PROBLEM TO WORK ON: Your task is to copy the stretch of lines in the records below that begins with the line containing "note: Gearbox" and ends with the line containing "note: Motor and Battery", exactly as written, with nothing added.

######

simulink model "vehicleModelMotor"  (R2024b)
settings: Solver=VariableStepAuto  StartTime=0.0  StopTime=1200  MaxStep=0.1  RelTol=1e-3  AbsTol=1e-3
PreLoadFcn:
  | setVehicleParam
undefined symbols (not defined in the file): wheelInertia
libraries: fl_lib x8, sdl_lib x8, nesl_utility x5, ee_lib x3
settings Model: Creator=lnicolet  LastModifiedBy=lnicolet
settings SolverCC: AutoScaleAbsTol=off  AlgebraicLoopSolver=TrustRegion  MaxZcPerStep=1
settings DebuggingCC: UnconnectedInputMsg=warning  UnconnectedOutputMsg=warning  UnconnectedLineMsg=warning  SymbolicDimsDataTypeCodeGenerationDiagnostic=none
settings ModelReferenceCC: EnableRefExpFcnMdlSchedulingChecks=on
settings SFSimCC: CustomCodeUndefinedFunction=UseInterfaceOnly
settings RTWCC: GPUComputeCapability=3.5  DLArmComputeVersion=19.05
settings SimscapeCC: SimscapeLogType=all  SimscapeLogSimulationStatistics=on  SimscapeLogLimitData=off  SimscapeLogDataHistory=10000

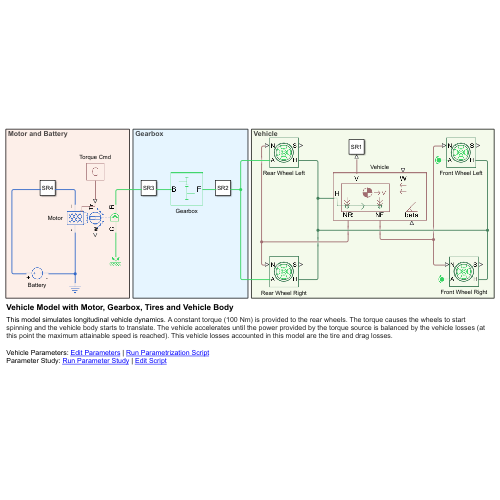
[thumbnail: Simulink's stored preview of the top-level diagram]
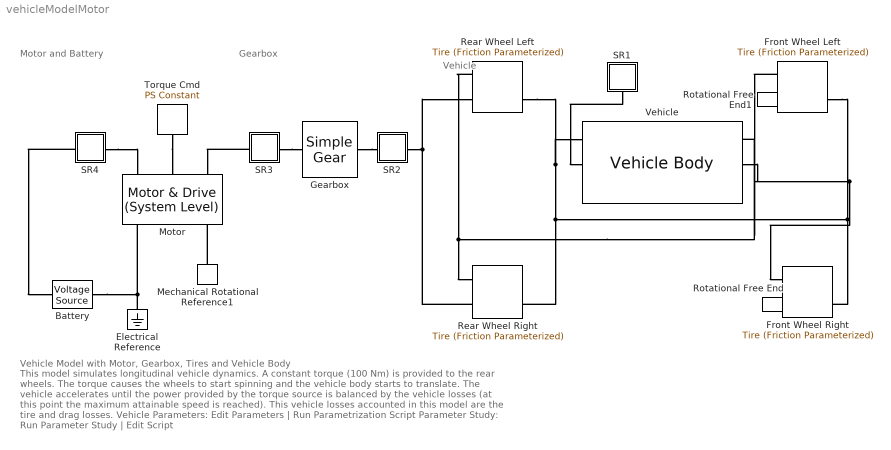
== system vehicleModelMotor ==
  note: Vehicle
  note: Gearbox
  note: This model simulates longitudinal vehicle dynamics. A constant torque (100 Nm) is provided to the rear wheels. The torque causes the wheels to start spinning and the vehicle body starts to translate. The vehicle accelerates until the power provided by the torque source is balanced by the vehicle losses (at this point the maximum attainable speed is reached). This vehicle losses accounted in this model are the tire and drag losses.
      |
      | Vehicle Parameters: Edit Parameters | Run Parametrization Script
      | Parameter Study: Run Parameter Study | Edit Script
  note: Vehicle Model with Motor, Gearbox, Tires and Vehicle Body
  note: Motor and Battery
  Battery : ee_lib/Sources/Voltage Source  dc_voltage=300 V  ac_voltage=0 V  ac_shift=0 rad  ac_frequency=60 Hz  noise_mode=ee.enum.sources.noise.Disabled  PSD=0 V^2/Hz  sample_time=1e-3 s  repeatability=ee.enum.sources.repeatability.NotRepeatable  user_seed=0  auto_seed=545404223  i_specify=off  i_priority=None  i=0 A  i_nominal_specify=off  i_nominal_value=1  i_nominal_unit=A  v_specify=off  v_priority=None  v=0 V  v_nominal_specify=off  v_nominal_value=1  v_nominal_unit=V
  Electrical Reference : fl_lib/Electrical/Electrical Elements/Electrical Reference
  Front Wheel Left : sdl_lib/Tires & Vehicles/Tire (Friction Parameterized)  r_tire=wheelRadius m  slip_output=sdl.enum.SlipOutput.Relative  friction_model=sdl.enum.friction_model_var.fixed  mu_static=0.90  mu_kinetic=0.70  slip_vector=[-1, .6, .15, .06, .02, 0] rad/s  mu_kinetic_vector=[.7, .7, .75, .8, .88, .89]  interp_method=simscape.enum.interpolation.linear  extrap_method=simscape.enum.extrapolation.linear  model_compliance=sdl.enum.compliance.off  stiffness=1e6 N/m  damping=1000 N*s/m  model_inertia=true  wheel_inertia=wheelInertia(1) kg*m^2  belt_inertia=wheelInertia(2) kg*m^2  initial_velocity=wheelSpeedStart rad/s  model_resistance=simscape.enum.onoff.on  resistance_model=sdl.enum.RollingResistance.Constant  coeff=0.015  p_tire=250e3 Pa  alpha=-0.003  beta=0.97  coeff_a=84e-4  coeff_b=6.2e-4 s/m  coeff_c=1.6e-4 s^2/m^2  v_thr=0.001 m/s  v_tol=0.001 m/s  F_min=10 N  initial_traction_state=sdl.enum.tireIC.slipping
      settings: InternalSimscapePortConfiguration="{\"Bottom\":[],\"Left\":[{\"id\":\"N\",\"label\":\"N\",\"type\":\"input\"},{\"id\":\"A\",\"label\":\"A\",\"type\":\"foundation.mechanical.rotational.rotational\"}],\"Right\":[{\"id\":\"Srel\",\"label\":\"S\",\"type\":\"output\"},{\"id\":\"H\",\"label\":\"H\",\"type\":\"foundation.mechanical.translational.translational\"}],\"Top\":[]}"
  Front Wheel Right : sdl_lib/Tires & Vehicles/Tire (Friction Parameterized)  r_tire=wheelRadius m  slip_output=sdl.enum.SlipOutput.Relative  friction_model=sdl.enum.friction_model_var.fixed  mu_static=0.90  mu_kinetic=0.70  slip_vector=[-1, .6, .15, .06, .02, 0] rad/s  mu_kinetic_vector=[.7, .7, .75, .8, .88, .89]  interp_method=simscape.enum.interpolation.linear  extrap_method=simscape.enum.extrapolation.linear  model_compliance=sdl.enum.compliance.off  stiffness=1e6 N/m  damping=1000 N*s/m  model_inertia=true  wheel_inertia=wheelInertia(1) kg*m^2  belt_inertia=wheelInertia(2) kg*m^2  initial_velocity=wheelSpeedStart rad/s  model_resistance=simscape.enum.onoff.on  resistance_model=sdl.enum.RollingResistance.Constant  coeff=0.015  p_tire=250e3 Pa  alpha=-0.003  beta=0.97  coeff_a=84e-4  coeff_b=6.2e-4 s/m  coeff_c=1.6e-4 s^2/m^2  v_thr=0.001 m/s  v_tol=0.001 m/s  F_min=10 N  initial_traction_state=sdl.enum.tireIC.slipping
      settings: InternalSimscapePortConfiguration="{\"Bottom\":[],\"Left\":[{\"id\":\"N\",\"label\":\"N\",\"type\":\"input\"},{\"id\":\"A\",\"label\":\"A\",\"type\":\"foundation.mechanical.rotational.rotational\"}],\"Right\":[{\"id\":\"Srel\",\"label\":\"S\",\"type\":\"output\"},{\"id\":\"H\",\"label\":\"H\",\"type\":\"foundation.mechanical.translational.translational\"}],\"Top\":[]}"
  Gearbox : sdl_lib/Gears/Simple Gear  ratio=gearboxRatio  rotation_direction=sdl.enum.shaftOutputDirection.same  friction_model=sdl.enum.gear_efficiencies_load.constant  T_noload=0.1 N*m  T_nom=5 N*m  efficiency_nom=0.8  efficiency=gearboxEff  temperature_TLU=[280, 300, 320] K  load_TLU=[1, 5, 10] N*m  efficiency_TLU=[.95, .9, .85]  efficiency_TLU2=[.85, .8, .75; .95, .9, .85; .85, .8, .7]  w_thr=0.01 rad/s  pwr_thr=0.001 W  enable_backlash=false  hardstop_model=simscape.enum.hardstop.smooth  backlash_distance=1e-3 mm  r_base=0.1 m  transition=1e-4 mm  backlash_stiffness=1e6 N/m  backlash_damping=1e3 N*s/m  coeff_rest=0.7  v_tol=0.001 m/s  f_tol=0.001 N  mu_visc=[0, 0] N*m*s/rad  thermal_mass=50 J/K  temperature_specify=off  temperature_priority=High  temperature=300 K  temperature_nominal_specify=off  temperature_nominal_value=1  temperature_nominal_unit=K  x_backlash_specify=off  x_backlash_priority=None  x_backlash=0 mm  x_backlash_nominal_specify=off  x_backlash_nominal_value=1  x_backlash_nominal_unit=mm  f_hardstop_specify=off  f_hardstop_priority=None  f_hardstop=0 N  f_hardstop_nominal_specify=off  f_hardstop_nominal_value=1  f_hardstop_nominal_unit=N  v_backlash_specify=off  v_backlash_priority=None  v_backlash=0 m/s  v_backlash_nominal_specify=off  v_backlash_nominal_value=1  v_backlash_nominal_unit=m/s
  Mechanical Rotational Reference1 : fl_lib/Mechanical/Rotational Elements/Mechanical Rotational Reference
  Motor : ee_lib/Electromechanical/Motor & Drive (System Level)  torque_speed_param=ee.enum.electromech.envelope.tabulated  overtorque_param=ee.enum.electromech.overtorque.no  T_t=EMTorque N*m  T_t_intermittent=[.36, .32, .28, 0] N*m  T_t_2D=[.09, .09, .09; .08, .08, .08; .07, .07, .07; 0, 0, 0] N*m  T_t_intermittent_2D=[.36, .36, .36; .32, .32, .32; .28, .28, .28; 0, 0, 0] N*m  w_t=EMSpeed rad/s  vdc_t=[6, 12, 24] V  torque_max=0.1 N*m  power_max=30 W  torque_max_intermittent=0.4 N*m  power_max_intermittent=120 W  time_overtorque=30 s  time_recover=60 s  Tc=0.02 s  EnableSwitch=false  losses_param=3  eff=100  w_eff=3750 rpm  T_eff=0.08 N*m  Piron=0 W  Pbase=0 W  w_eff_vec=EMSpeedEff rad/s  T_eff_vec=EMTorqueEff N*m  v_eff_vec=[100, 250, 400] V  losses_mat=[1.49, 1.67, 2.21, 3.1; .42, .69, 1.14, 2.03; .06, .24, .78, 1.68; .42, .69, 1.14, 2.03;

######

TASK OUTPUT:
  note: Gearbox
  note: This model simulates longitudinal vehicle dynamics. A constant torque (100 Nm) is provided to the rear wheels. The torque causes the wheels to start spinning and the vehicle body starts to translate. The vehicle accelerates until the power provided by the torque source is balanced by the vehicle losses (at this point the maximum attainable speed is reached). This vehicle losses accounted in this model are the tire and drag losses.
      |
      | Vehicle Parameters: Edit Parameters | Run Parametrization Script
      | Parameter Study: Run Parameter Study | Edit Script
  note: Vehicle Model with Motor, Gearbox, Tires and Vehicle Body
  note: Motor and Battery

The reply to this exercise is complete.